§ **Stored data**:
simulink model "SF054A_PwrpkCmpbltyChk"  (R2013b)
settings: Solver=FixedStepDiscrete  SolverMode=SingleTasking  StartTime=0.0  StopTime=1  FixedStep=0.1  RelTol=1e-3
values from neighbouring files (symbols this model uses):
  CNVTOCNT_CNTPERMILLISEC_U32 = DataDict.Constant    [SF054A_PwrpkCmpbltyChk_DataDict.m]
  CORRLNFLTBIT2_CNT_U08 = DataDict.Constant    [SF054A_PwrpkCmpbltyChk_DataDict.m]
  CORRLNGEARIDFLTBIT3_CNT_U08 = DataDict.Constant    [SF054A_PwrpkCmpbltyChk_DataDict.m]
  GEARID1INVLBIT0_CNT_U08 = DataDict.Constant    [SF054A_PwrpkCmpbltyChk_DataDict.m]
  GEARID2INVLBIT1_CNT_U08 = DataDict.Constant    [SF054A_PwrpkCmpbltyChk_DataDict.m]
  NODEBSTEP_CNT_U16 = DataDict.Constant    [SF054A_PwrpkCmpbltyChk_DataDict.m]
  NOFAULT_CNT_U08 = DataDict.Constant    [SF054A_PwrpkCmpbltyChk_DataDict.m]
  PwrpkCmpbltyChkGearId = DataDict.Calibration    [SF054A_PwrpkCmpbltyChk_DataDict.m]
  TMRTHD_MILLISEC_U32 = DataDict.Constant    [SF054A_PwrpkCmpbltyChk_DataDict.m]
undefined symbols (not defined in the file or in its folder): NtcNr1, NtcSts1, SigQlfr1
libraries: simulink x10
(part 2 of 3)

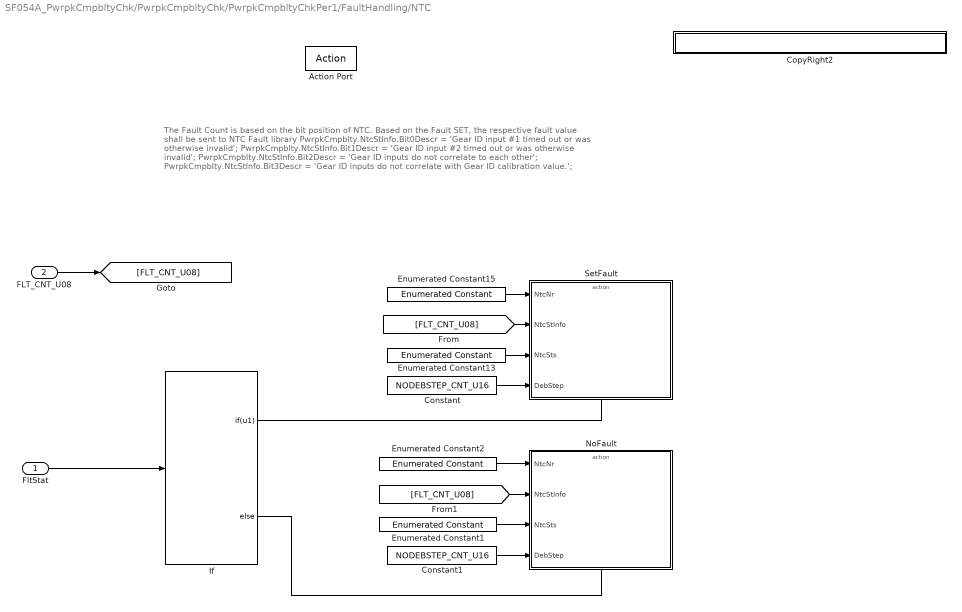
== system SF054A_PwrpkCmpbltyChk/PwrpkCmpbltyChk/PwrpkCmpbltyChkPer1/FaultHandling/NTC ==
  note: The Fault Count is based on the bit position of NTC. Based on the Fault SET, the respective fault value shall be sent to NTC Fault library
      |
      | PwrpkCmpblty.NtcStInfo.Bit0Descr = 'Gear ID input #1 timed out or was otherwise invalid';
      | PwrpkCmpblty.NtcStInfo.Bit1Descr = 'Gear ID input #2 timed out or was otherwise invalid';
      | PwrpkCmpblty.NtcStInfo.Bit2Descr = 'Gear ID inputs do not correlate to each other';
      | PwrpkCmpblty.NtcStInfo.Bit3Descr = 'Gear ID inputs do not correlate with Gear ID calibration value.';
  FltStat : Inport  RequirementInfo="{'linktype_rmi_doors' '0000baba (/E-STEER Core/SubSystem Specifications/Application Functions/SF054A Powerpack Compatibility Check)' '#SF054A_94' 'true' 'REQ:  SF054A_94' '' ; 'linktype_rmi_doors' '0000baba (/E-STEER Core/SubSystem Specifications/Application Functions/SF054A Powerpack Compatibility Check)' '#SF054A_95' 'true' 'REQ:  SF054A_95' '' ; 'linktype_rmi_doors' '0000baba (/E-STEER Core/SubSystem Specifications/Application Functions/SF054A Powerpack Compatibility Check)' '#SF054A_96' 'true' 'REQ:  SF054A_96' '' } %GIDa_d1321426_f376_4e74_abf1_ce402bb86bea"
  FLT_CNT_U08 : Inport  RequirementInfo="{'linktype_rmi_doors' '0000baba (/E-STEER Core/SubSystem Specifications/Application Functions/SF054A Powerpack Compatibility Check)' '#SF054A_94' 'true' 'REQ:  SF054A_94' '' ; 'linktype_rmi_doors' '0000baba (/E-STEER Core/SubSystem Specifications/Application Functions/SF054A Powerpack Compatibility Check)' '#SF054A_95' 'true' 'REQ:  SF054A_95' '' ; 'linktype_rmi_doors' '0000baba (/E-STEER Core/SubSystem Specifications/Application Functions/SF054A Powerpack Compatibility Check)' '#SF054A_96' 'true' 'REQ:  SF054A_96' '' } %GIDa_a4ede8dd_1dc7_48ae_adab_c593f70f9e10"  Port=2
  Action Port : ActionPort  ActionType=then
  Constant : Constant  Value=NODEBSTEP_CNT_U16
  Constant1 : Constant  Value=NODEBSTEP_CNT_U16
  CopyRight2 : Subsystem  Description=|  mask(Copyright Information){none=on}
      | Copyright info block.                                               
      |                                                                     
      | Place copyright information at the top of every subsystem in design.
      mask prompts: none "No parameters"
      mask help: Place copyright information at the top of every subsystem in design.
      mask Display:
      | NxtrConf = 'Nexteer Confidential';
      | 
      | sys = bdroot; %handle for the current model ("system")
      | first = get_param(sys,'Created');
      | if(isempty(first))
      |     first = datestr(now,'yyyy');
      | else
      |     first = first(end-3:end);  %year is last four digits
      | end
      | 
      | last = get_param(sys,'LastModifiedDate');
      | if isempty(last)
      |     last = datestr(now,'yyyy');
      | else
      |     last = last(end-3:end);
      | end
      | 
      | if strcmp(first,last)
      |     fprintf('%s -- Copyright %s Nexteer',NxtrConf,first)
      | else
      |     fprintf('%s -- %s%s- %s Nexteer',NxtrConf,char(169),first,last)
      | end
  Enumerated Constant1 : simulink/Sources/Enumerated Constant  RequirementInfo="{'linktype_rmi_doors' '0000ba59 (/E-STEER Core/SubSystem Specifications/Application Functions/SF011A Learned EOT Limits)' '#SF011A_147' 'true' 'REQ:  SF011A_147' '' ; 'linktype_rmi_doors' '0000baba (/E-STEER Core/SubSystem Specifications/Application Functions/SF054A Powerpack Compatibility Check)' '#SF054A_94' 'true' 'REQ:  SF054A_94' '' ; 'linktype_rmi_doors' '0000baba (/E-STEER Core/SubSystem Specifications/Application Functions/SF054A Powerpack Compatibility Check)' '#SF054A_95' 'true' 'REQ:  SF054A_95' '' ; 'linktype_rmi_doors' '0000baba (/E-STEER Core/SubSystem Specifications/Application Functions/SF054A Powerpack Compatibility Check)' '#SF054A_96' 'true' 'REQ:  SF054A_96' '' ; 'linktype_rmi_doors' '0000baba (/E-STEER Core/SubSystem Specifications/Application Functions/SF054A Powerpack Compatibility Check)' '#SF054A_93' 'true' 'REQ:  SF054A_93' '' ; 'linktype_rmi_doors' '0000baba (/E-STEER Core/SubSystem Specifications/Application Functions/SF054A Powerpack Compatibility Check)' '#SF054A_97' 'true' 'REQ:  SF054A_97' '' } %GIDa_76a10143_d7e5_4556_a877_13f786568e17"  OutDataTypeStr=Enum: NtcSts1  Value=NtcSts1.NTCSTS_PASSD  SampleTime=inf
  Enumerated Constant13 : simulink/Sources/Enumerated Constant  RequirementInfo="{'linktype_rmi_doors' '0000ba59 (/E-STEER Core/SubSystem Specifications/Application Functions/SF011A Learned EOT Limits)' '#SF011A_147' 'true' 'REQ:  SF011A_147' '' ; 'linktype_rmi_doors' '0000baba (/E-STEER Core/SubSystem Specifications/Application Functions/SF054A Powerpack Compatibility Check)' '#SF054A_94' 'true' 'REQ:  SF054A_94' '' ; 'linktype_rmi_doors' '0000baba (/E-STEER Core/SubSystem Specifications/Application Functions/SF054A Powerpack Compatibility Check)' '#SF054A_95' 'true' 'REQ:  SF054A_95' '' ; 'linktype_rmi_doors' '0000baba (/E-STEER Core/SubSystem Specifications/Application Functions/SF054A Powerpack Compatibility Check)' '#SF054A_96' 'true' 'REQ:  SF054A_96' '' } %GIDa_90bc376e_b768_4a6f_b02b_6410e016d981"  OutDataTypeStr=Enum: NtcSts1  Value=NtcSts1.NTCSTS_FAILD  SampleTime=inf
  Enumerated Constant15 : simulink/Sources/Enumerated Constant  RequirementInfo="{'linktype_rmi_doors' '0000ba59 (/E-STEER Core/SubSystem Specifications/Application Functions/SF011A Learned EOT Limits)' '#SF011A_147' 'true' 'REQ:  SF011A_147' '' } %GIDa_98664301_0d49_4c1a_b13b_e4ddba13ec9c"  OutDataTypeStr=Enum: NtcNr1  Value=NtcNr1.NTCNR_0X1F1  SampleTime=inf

§ **Exercise brief**: Both the line containing "to each other';" and the line containing "FltStat : Inport" belong in the answer. Print them and every line above that falls between them exactly, and no others.

§ **Response to the exercise**:
      | PwrpkCmpblty.NtcStInfo.Bit2Descr = 'Gear ID inputs do not correlate to each other';
      | PwrpkCmpblty.NtcStInfo.Bit3Descr = 'Gear ID inputs do not correlate with Gear ID calibration value.';
  FltStat : Inport  RequirementInfo="{'linktype_rmi_doors' '0000baba (/E-STEER Core/SubSystem Specifications/Application Functions/SF054A Powerpack Compatibility Check)' '#SF054A_94' 'true' 'REQ:  SF054A_94' '' ; 'linktype_rmi_doors' '0000baba (/E-STEER Core/SubSystem Specifications/Application Functions/SF054A Powerpack Compatibility Check)' '#SF054A_95' 'true' 'REQ:  SF054A_95' '' ; 'linktype_rmi_doors' '0000baba (/E-STEER Core/SubSystem Specifications/Application Functions/SF054A Powerpack Compatibility Check)' '#SF054A_96' 'true' 'REQ:  SF054A_96' '' } %GIDa_d1321426_f376_4e74_abf1_ce402bb86bea"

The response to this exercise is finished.